**WORK ITEM**
From the entries below, copy exactly the lines from the one that contains "29.8h-99.1a1.27 1.27 0" through the one that contains "42.5h167.6M59.6 45.1h167.6M59.6 57.8h2.5M79.9", both included, and only those.

------------------------------------

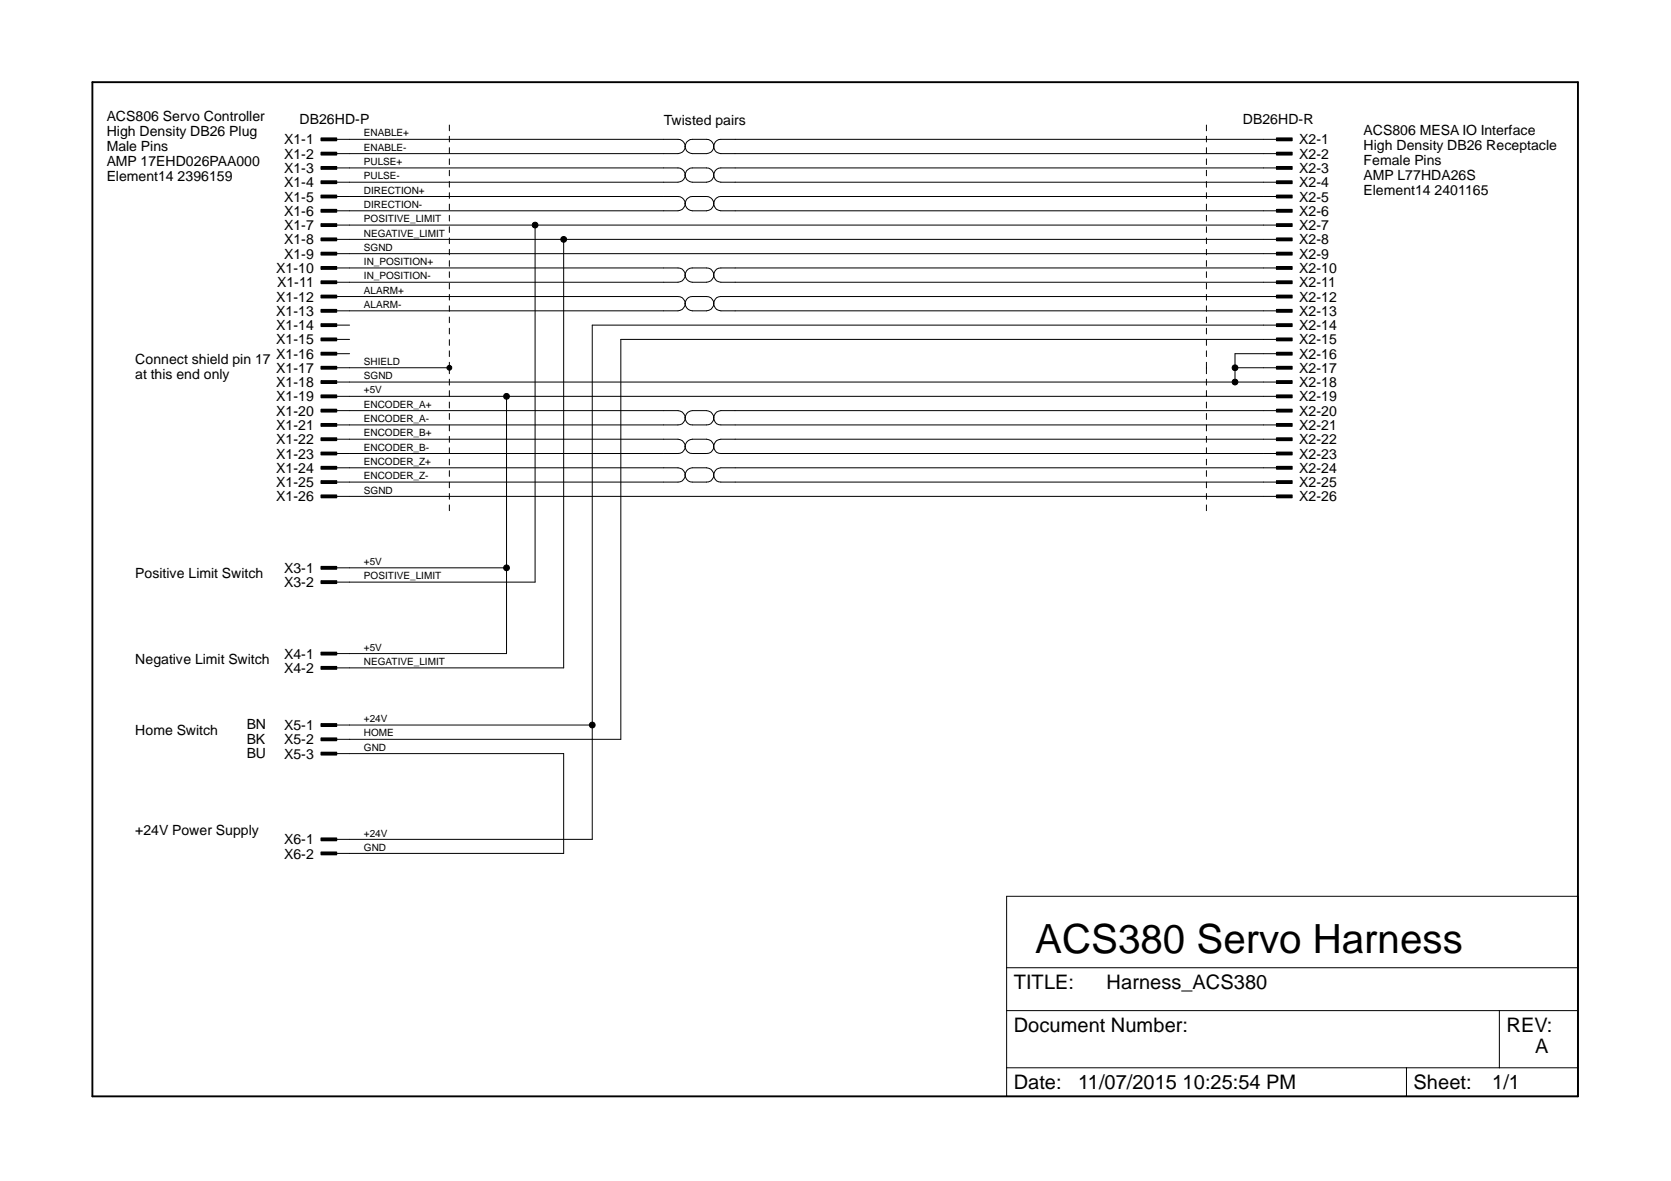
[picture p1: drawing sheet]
<svg xmlns="http://www.w3.org/2000/svg" width="297mm" height="210mm" viewBox="0 0 297 210" stroke-linecap="round" stroke-linejoin="round" font-family="sans-serif">
<g fill="none" stroke="#000" stroke-width=".18">
<path d="M57.1 24.5h2.8v.5h-2.8zM57.1 27.1h2.8v.5h-2.8zM57.1 29.6h2.8v.5h-2.8zM57.1 32.1h2.8v.5h-2.8zM57.1 34.7h2.8v.5h-2.8zM57.1 37.2h2.8v.5h-2.8zM57.1 39.8h2.8v.5h-2.8zM59.6 24.8h60.9a1.27 1.27 0 0 1 1.3 1.2M59.6 29.8h60.9a1.27 1.27 0 0 1 1.3 1.3M59.6 34.9h60.9a1.27 1.27 0 0 1 1.3 1.3M79.9 22.2v1M79.9 24.2v1"/>
<path d="M79.9 26.2v1.1M79.9 28.2v1.1M79.9 30.3v.9M79.9 32.3v1M79.9 34.2v1.1M79.9 36.3v1M79.9 38.3v1M121.8 26a1.27 1.27 0 0 0 1.3 1.3h2.5a1.27 1.27 0 0 0 1.3-1.3M121.8 26a1.27 1.27 0 0 1-1.3 1.3h-60.9M121.8 26a1.27 1.27 0 0 1 1.3-1.2h2.5a1.27 1.27 0 0 1 1.3 1.2M121.8 31.1a1.27 1.27 0 0 0 1.3 1.3h2.5a1.27 1.27 0 0 0 1.3-1.3M121.8 31.1a1.27 1.27 0 0 1-1.3 1.3h-60.9"/>
<path d="M121.8 31.1a1.27 1.27 0 0 1 1.3-1.3h2.5a1.27 1.27 0 0 1 1.3 1.3M121.8 36.2a1.34 1.34 0 0 0 1.3 1.3h2.5a1.27 1.27 0 0 0 1.3-1.3M121.8 36.2a1.34 1.34 0 0 1-1.3 1.3h-60.9M121.8 36.2a1.27 1.27 0 0 1 1.3-1.3h2.5a1.27 1.27 0 0 1 1.3 1.3M126.9 26a1.27 1.27 0 0 0 1.2 1.3h99.1M126.9 31.1a1.27 1.27 0 0 0 1.2 1.3h99.1M126.9 36.2a1.34 1.34 0 0 0 1.2 1.3h99.1M214.5 22.2v1M214.5 24.2v1M214.5 26.2v1.1M214.5 28.2v1.1M214.5 30.3v.9"/>
<path d="M214.5 32.3v1M214.5 34.2v1.1M214.5 36.3v1M214.5 38.3v1M226.9 24.5h2.8v.5h-2.8zM226.9 27.1h2.8v.5h-2.8zM226.9 29.6h2.8v.5h-2.8zM226.9 32.1h2.8v.5h-2.8zM226.9 34.7h2.8v.5h-2.8zM226.9 37.2h2.8v.5h-2.8zM226.9 39.8h2.8v.5h-2.8zM227.2 24.8h-99.1a1.27 1.27 0 0 0-1.2 1.2"/>
<path d="M227.2 29.8h-99.1a1.27 1.27 0 0 0-1.2 1.3M227.2 34.9h-99.1a1.27 1.27 0 0 0-1.2 1.3M57.1 42.3h2.8v.5h-2.8zM57.1 44.8h2.8v.5h-2.8zM57.1 47.4h2.8v.5h-2.8zM57.1 49.9h2.8v.5h-2.8zM57.1 52.5h2.8v.5h-2.8zM57.1 55h2.8v.5h-2.8zM57.1 57.5h2.8v.5h-2.8zM59.6 52.7h60.9a1.19 1.19 0 0 1 1.3 1.3M59.6 47.6h60.9a1.19 1.19 0 0 1 1.3 1.3M59.6 40h167.6"/>
<path d="M59.6 42.5h167.6M59.6 45.1h167.6M59.6 57.8h2.5M79.9 40.3v1M79.9 42.3v1M79.9 44.3v1M79.9 46.3v1M79.9 48.3v1M79.9 50.3v1.1M79.9 52.3v1M79.9 54.4v.9M79.9 56.3v1.1"/>
<path d="M79.9 58.3v1.1M95.1 40v63.5h-35.5M100.2 42.5v76.2h-40.6M121.8 54a1.34 1.34 0 0 0 1.3 1.2h2.5a1.27 1.27 0 0 0 1.3-1.2M121.8 54a1.34 1.34 0 0 1-1.3 1.2h-60.9M121.8 54a1.27 1.27 0 0 1 1.3-1.3h2.5a1.19 1.19 0 0 1 1.3 1.3M121.8 48.9a1.34 1.34 0 0 0 1.3 1.3h2.5a1.27 1.27 0 0 0 1.3-1.3M121.8 48.9a1.34 1.34 0 0 1-1.3 1.3h-60.9M121.8 48.9a1.27 1.27 0 0 1 1.3-1.3h2.5a1.19 1.19 0 0 1 1.3 1.3M126.9 54a1.34 1.34 0 0 0 1.2 1.2h99.1M126.9 48.9a1.34 1.34 0 0 0 1.2 1.3h99.1M214.5 40.3v1"/>
<path d="M214.5 42.3v1M214.5 44.3v1M214.5 46.3v1M214.5 48.3v1M214.5 50.3v1.1M214.5 52.3v1M214.5 54.4v.9M214.5 56.3v1.1M214.5 58.3v1.1M226.9 42.3h2.8v.5h-2.8zM226.9 44.8h2.8v.5h-2.8zM226.9 47.4h2.8v.5h-2.8z"/>
<path d="M226.9 49.9h2.8v.5h-2.8zM226.9 52.5h2.8v.5h-2.8zM226.9 55h2.8v.5h-2.8zM226.9 57.5h2.8v.5h-2.8zM227.2 52.7h-99.1a1.19 1.19 0 0 0-1.2 1.3M227.2 47.6h-99.1a1.19 1.19 0 0 0-1.2 1.3M227.2 57.8h-121.9v91.4h-45.7M57.1 60.1h2.8v.5h-2.8zM57.1 62.6h2.8v.5h-2.8zM57.1 65.1h2.8v.5h-2.8zM57.1 67.6h2.8v.6h-2.8zM57.1 70.2h2.8v.5h-2.8z"/>
<path d="M57.1 72.7h2.8v.5h-2.8zM57.1 75.3h2.8v.5h-2.8zM57.1 77.8h2.8v.5h-2.8zM59.6 73h60.9a1.27 1.27 0 0 1 1.3 1.3M59.6 78.1h60.9a1.27 1.27 0 0 1 1.3 1.2M59.6 60.3h2.5M59.6 62.9h2.5M59.6 65.4h20.3M59.6 67.9h167.6M59.6 70.4h167.6M79.9 60.4v1M79.9 62.4v1"/>
<path d="M79.9 64.4v2M79.9 67.4v1.1M79.9 69.4v1.1M79.9 71.5v1M79.9 73.5v1M79.9 75.5v1.1M79.9 77.6v1M79.9 79.6v1M90 70.4v45.8h-30.4M121.8 74.3a1.27 1.27 0 0 0 1.3 1.2h2.5a1.19 1.19 0 0 0 1.3-1.2M121.8 74.3a1.27 1.27 0 0 1-1.3 1.2h-60.9M121.8 74.3a1.34 1.34 0 0 1 1.3-1.3h2.5a1.27 1.27 0 0 1 1.3 1.3"/>
<path d="M121.8 79.3a1.27 1.27 0 0 0 1.3 1.3h2.5a1.19 1.19 0 0 0 1.3-1.3M121.8 79.3a1.27 1.27 0 0 1-1.3 1.3h-60.9M121.8 79.3a1.34 1.34 0 0 1 1.3-1.2h2.5a1.27 1.27 0 0 1 1.3 1.2M126.9 74.3a1.27 1.27 0 0 0 1.2 1.2h99.1M126.9 79.3a1.27 1.27 0 0 0 1.2 1.3h99.1M214.5 60.4v1M214.5 62.4v1M214.5 64.4v2M214.5 67.4v1.1M214.5 69.4v1.1M214.5 71.5v1M214.5 73.5v1"/>
<path d="M214.5 75.5v1.1M214.5 77.6v1M214.5 79.6v1M219.5 65.4h7.7M226.9 60.1h2.8v.5h-2.8zM226.9 62.6h2.8v.5h-2.8zM226.9 65.1h2.8v.5h-2.8zM226.9 67.6h2.8v.6h-2.8zM226.9 70.2h2.8v.5h-2.8zM226.9 72.7h2.8v.5h-2.8zM226.9 75.3h2.8v.5h-2.8zM226.9 77.8h2.8v.5h-2.8z"/>
<path d="M227.2 73h-99.1a1.27 1.27 0 0 0-1.2 1.3M227.2 78.1h-99.1a1.27 1.27 0 0 0-1.2 1.2M227.2 60.3h-116.8v71.1h-50.8M227.2 62.9h-7.7v5M57.1 80.3h2.8v.6h-2.8zM57.1 82.9h2.8v.5h-2.8zM57.1 85.4h2.8v.5h-2.8zM57.1 88h2.8v.5h-2.8zM59.6 83.1h60.9a1.27 1.27 0 0 1 1.3 1.3M59.6 88.2h167.6M79.9 81.6v1M79.9 83.7v1"/>
<path d="M79.9 85.7v1M79.9 87.7v1M79.9 89.7v1.1M121.8 84.4a1.27 1.27 0 0 0 1.3 1.3h2.5a1.19 1.19 0 0 0 1.3-1.3M121.8 84.4a1.27 1.27 0 0 1-1.3 1.3h-60.9M121.8 84.4a1.34 1.34 0 0 1 1.3-1.3h2.5a1.27 1.27 0 0 1 1.3 1.3M126.9 84.4a1.27 1.27 0 0 0 1.2 1.3h99.1M214.5 81.6v1M214.5 83.7v1M214.5 85.7v1M214.5 87.7v1M214.5 89.7v1.1"/>
<path d="M226.9 80.3h2.8v.6h-2.8zM226.9 82.9h2.8v.5h-2.8zM226.9 85.4h2.8v.5h-2.8zM226.9 88h2.8v.5h-2.8zM227.2 83.1h-99.1a1.27 1.27 0 0 0-1.2 1.3M57.1 100.7h2.8v.5h-2.8zM57.1 103.2h2.8v.5h-2.8zM57.1 115.9h2.8v.5h-2.8zM57.1 118.4h2.8v.6h-2.8zM59.6 100.9h30.4M57.1 128.6h2.8v.5h-2.8zM57.1 131.1h2.8v.6h-2.8z"/>
<path d="M57.1 133.7h2.8v.5h-2.8zM59.6 128.9h45.7M59.6 133.9h40.6v17.8h-40.6M57.1 148.9h2.8v.5h-2.8zM57.1 151.4h2.8v.5h-2.8zM178.9 159.3h101.6v35.6h-101.6zM178.9 179.6h101.6M178.9 172h101.6M266.5 179.6v10.2M178.9 189.8h101.6M250 189.8v5.1"/>
<circle cx="95.1" cy="40" r=".51"/>
<circle cx="100.2" cy="42.5" r=".51"/>
<circle cx="79.9" cy="65.4" r=".43"/>
<circle cx="90" cy="70.4" r=".51"/>
<circle cx="219.5" cy="65.4" r=".51"/>
<circle cx="219.5" cy="67.9" r=".51"/>
<circle cx="90" cy="100.9" r=".51"/>
<circle cx="105.3" cy="128.9" r=".51"/>
</g>
<g fill="#000">
<path d="M57.1 24.5h2.8v.5h-2.8z" fill-rule="evenodd"/>
<path d="M57.1 27.1h2.8v.5h-2.8z" fill-rule="evenodd"/>
<path d="M57.1 29.6h2.8v.5h-2.8z" fill-rule="evenodd"/>
<path d="M57.1 32.1h2.8v.5h-2.8z" fill-rule="evenodd"/>
<path d="M57.1 34.7h2.8v.5h-2.8z" fill-rule="evenodd"/>
<path d="M57.1 37.2h2.8v.5h-2.8z" fill-rule="evenodd"/>
<path d="M57.1 39.8h2.8v.5h-2.8z" fill-rule="evenodd"/>
<path d="M226.9 24.5h2.8v.5h-2.8z" fill-rule="evenodd"/>
<path d="M226.9 27.1h2.8v.5h-2.8z" fill-rule="evenodd"/>
<path d="M226.9 29.6h2.8v.5h-2.8z" fill-rule="evenodd"/>
<path d="M226.9 32.1h2.8v.5h-2.8z" fill-rule="evenodd"/>
<path d="M226.9 34.7h2.8v.5h-2.8z" fill-rule="evenodd"/>
<path d="M226.9 37.2h2.8v.5h-2.8z" fill-rule="evenodd"/>
<path d="M226.9 39.8h2.8v.5h-2.8z" fill-rule="evenodd"/>
<path d="M57.1 42.3h2.8v.5h-2.8z" fill-rule="evenodd"/>
<path d="M57.1 44.8h2.8v.5h-2.8z" fill-rule="evenodd"/>
<path d="M57.1 47.4h2.8v.5h-2.8z" fill-rule="evenodd"/>
<path d="M57.1 49.9h2.8v.5h-2.8z" fill-rule="evenodd"/>
<path d="M57.1 52.5h2.8v.5h-2.8z" fill-rule="evenodd"/>
<path d="M57.1 55h2.8v.5h-2.8z" fill-rule="evenodd"/>
<path d="M57.1 57.5h2.8v.5h-2.8z" fill-rule="evenodd"/>
<path d="M226.9 42.3h2.8v.5h-2.8z" fill-rule="evenodd"/>
<path d="M226.9 44.8h2.8v.5h-2.8z" fill-rule="evenodd"/>
<path d="M226.9 47.4h2.8v.5h-2.8z" fill-rule="evenodd"/>
<path d="M226.9 49.9h2.8v.5h-2.8z" fill-rule="evenodd"/>
<path d="M226.9 52.5h2.8v.5h-2.8z" fill-rule="evenodd"/>
<path d="M226.9 55h2.8v.5h-2.8z" fill-rule="evenodd"/>
<path d="M226.9 57.5h2.8v.5h-2.8z" fill-rule="evenodd"/>
<path d="M57.1 60.1h2.8v.5h-2.8z" fill-rule="evenodd"/>
<path d="M57.1 62.6h2.8v.5h-2.8z" fill-rule="evenodd"/>
<path d="M57.1 65.1h2.8v.5h-2.8z" fill-rule="evenodd"/>
<path d="M57.1 67.6h2.8v.6h-2.8z" fill-rule="evenodd"/>
<path d="M57.1 70.2h2.8v.5h-2.8z" fill-rule="evenodd"/>
<path d="M57.1 72.7h2.8v.5h-2.8z" fill-rule="evenodd"/>
<path d="M57.1 75.3h2.8v.5h-2.8z" fill-rule="evenodd"/>
<path d="M57.1 77.8h2.8v.5h-2.8z" fill-rule="evenodd"/>
<path d="M226.9 60.1h2.8v.5h-2.8z" fill-rule="evenodd"/>
<path d="M226.9 62.6h2.8v.5h-2.8z" fill-rule="evenodd"/>
<path d="M226.9 65.1h2.8v.5h-2.8z" fill-rule="evenodd"/>
<path d="M226.9 67.6h2.8v.6h-2.8z" fill-rule="evenodd"/>
<path d="M226.9 70.2h2.8v.5h-2.8z" fill-rule="evenodd"/>
<path d="M226.9 72.7h2.8v.5h-2.8z" fill-rule="evenodd"/>
<path d="M226.9 75.3h2.8v.5h-2.8z" fill-rule="evenodd"/>
<path d="M226.9 77.8h2.8v.5h-2.8z" fill-rule="evenodd"/>
<path d="M57.1 80.3h2.8v.6h-2.8z" fill-rule="evenodd"/>
<path d="M57.1 82.9h2.8v.5h-2.8z" fill-rule="evenodd"/>
<path d="M57.1 85.4h2.8v.5h-2.8z" fill-rule="evenodd"/>
<path d="M57.1 88h2.8v.5h-2.8z" fill-rule="evenodd"/>
<path d="M226.9 80.3h2.8v.6h-2.8z" fill-rule="evenodd"/>
<path d="M226.9 82.9h2.8v.5h-2.8z" fill-rule="evenodd"/>
<path d="M226.9 85.4h2.8v.5h-2.8z" fill-rule="evenodd"/>
<path d="M226.9 88h2.8v.5h-2.8z" fill-rule="evenodd"/>
<path d="M57.1 100.7h2.8v.5h-2.8z" fill-rule="evenodd"/>
<path d="M57.1 103.2h2.8v.5h-2.8z" fill-rule="evenodd"/>
<path d="M57.1 115.9h2.8v.5h-2.8z" fill-rule="evenodd"/>
<path d="M57.1 118.4h2.8v.6h-2.8z" fill-rule="evenodd"/>
<path d="M57.1 128.6h2.8v.5h-2.8z" fill-rule="evenodd"/>
<path d="M57.1 131.1h2.8v.6h-2.8z" fill-rule="evenodd"/>
<path d="M57.1 133.7h2.8v.5h-2.8z" fill-rule="evenodd"/>
<path d="M57.1 148.9h2.8v.5h-2.8z" fill-rule="evenodd"/>
<path d="M57.1 151.4h2.8v.5h-2.8z" fill-rule="evenodd"/>
<circle cx="95.1" cy="40" r=".51"/>
<circle cx="100.2" cy="42.5" r=".51"/>
<circle cx="79.9" cy="65.4" r=".43"/>
<circle cx="90" cy="70.4" r=".51"/>
<circle cx="219.5" cy="65.4" r=".51"/>
<circle cx="219.5" cy="67.9" r=".51"/>
<circle cx="90" cy="100.9" r=".51"/>
<circle cx="105.3" cy="128.9" r=".51"/>
</g>
<path d="M16.4 14.6h264.1v180.3h-264.1z" fill="none" stroke="#000" stroke-width=".34"/>
<text font-size="7.2" x="184" y="169.5">ACS380 Servo Harness</text>
<g font-size="3.6">
<text x="180.2" y="175.8">TITLE:</text>
<text x="196.7" y="175.8">Harness_ACS380</text>
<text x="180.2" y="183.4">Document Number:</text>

------------------------------------

**EXERCISE SOLUTION**
<path d="M227.2 29.8h-99.1a1.27 1.27 0 0 0-1.2 1.3M227.2 34.9h-99.1a1.27 1.27 0 0 0-1.2 1.3M57.1 42.3h2.8v.5h-2.8zM57.1 44.8h2.8v.5h-2.8zM57.1 47.4h2.8v.5h-2.8zM57.1 49.9h2.8v.5h-2.8zM57.1 52.5h2.8v.5h-2.8zM57.1 55h2.8v.5h-2.8zM57.1 57.5h2.8v.5h-2.8zM59.6 52.7h60.9a1.19 1.19 0 0 1 1.3 1.3M59.6 47.6h60.9a1.19 1.19 0 0 1 1.3 1.3M59.6 40h167.6"/>
<path d="M59.6 42.5h167.6M59.6 45.1h167.6M59.6 57.8h2.5M79.9 40.3v1M79.9 42.3v1M79.9 44.3v1M79.9 46.3v1M79.9 48.3v1M79.9 50.3v1.1M79.9 52.3v1M79.9 54.4v.9M79.9 56.3v1.1"/>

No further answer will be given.